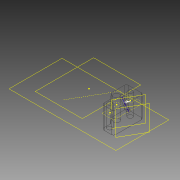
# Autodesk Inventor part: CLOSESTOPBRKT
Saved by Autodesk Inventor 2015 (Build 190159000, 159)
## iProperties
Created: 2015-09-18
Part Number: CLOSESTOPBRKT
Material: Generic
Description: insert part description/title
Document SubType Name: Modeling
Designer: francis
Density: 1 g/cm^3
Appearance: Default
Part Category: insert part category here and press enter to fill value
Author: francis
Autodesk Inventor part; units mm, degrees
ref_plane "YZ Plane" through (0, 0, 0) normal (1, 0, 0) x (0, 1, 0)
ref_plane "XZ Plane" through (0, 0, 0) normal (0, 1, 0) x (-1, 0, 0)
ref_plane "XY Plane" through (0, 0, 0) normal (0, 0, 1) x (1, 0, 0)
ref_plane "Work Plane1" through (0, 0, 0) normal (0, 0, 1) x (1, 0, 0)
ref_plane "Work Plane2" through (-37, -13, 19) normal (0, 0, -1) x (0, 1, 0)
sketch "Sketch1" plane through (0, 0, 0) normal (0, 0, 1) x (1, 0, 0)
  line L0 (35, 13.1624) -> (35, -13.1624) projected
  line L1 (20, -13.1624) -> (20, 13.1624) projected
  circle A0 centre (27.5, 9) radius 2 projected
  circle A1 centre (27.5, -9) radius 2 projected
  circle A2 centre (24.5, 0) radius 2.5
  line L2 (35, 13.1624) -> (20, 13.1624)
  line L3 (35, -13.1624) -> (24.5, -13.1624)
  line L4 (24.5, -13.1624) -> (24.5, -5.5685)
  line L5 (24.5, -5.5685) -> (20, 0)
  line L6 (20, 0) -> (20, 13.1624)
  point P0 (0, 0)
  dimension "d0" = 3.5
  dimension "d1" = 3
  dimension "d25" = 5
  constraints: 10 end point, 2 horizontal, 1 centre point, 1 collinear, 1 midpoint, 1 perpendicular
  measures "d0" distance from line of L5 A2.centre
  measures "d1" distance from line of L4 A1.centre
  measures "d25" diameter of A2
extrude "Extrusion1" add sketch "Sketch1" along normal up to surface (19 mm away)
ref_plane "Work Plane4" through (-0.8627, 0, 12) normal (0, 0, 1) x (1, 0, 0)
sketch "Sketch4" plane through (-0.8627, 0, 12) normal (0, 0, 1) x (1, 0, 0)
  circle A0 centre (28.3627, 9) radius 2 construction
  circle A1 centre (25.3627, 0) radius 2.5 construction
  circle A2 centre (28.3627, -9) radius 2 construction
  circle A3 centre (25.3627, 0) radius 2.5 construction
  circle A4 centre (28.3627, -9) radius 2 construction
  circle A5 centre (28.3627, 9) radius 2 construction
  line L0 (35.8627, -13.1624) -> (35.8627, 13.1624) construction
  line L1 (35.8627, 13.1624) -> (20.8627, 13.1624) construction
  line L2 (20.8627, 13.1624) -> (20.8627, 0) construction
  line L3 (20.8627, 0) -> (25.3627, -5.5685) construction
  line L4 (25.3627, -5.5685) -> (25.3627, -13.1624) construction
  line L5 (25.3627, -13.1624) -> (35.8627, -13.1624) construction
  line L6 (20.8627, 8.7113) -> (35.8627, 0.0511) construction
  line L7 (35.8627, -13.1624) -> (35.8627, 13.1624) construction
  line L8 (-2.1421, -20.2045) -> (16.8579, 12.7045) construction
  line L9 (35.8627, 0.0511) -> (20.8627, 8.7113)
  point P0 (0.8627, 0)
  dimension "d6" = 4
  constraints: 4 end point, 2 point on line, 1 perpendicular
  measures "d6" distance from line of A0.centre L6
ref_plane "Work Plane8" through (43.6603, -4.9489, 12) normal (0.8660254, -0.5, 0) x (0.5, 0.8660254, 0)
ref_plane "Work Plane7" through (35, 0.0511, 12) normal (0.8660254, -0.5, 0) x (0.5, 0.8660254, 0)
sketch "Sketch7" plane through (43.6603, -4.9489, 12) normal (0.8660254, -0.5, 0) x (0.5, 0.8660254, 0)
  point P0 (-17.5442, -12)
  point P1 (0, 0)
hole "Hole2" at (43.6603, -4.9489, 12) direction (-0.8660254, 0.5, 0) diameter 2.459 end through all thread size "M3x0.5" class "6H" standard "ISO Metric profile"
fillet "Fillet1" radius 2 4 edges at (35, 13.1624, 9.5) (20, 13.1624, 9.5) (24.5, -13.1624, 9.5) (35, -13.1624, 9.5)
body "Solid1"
§
• TASK GOAL: Copy exactly the lines from the first line of the records above through the line with "0) x (-1, 0, 0)", both included, and nothing else. Pictures stay out.

• SOLUTION TO THIS EXERCISE:
# Autodesk Inventor part: CLOSESTOPBRKT
Saved by Autodesk Inventor 2015 (Build 190159000, 159)
## iProperties
Created: 2015-09-18
Part Number: CLOSESTOPBRKT
Material: Generic
Description: insert part description/title
Document SubType Name: Modeling
Designer: francis
Density: 1 g/cm^3
Appearance: Default
Part Category: insert part category here and press enter to fill value
Author: francis
Autodesk Inventor part; units mm, degrees
ref_plane "YZ Plane" through (0, 0, 0) normal (1, 0, 0) x (0, 1, 0)
ref_plane "XZ Plane" through (0, 0, 0) normal (0, 1, 0) x (-1, 0, 0)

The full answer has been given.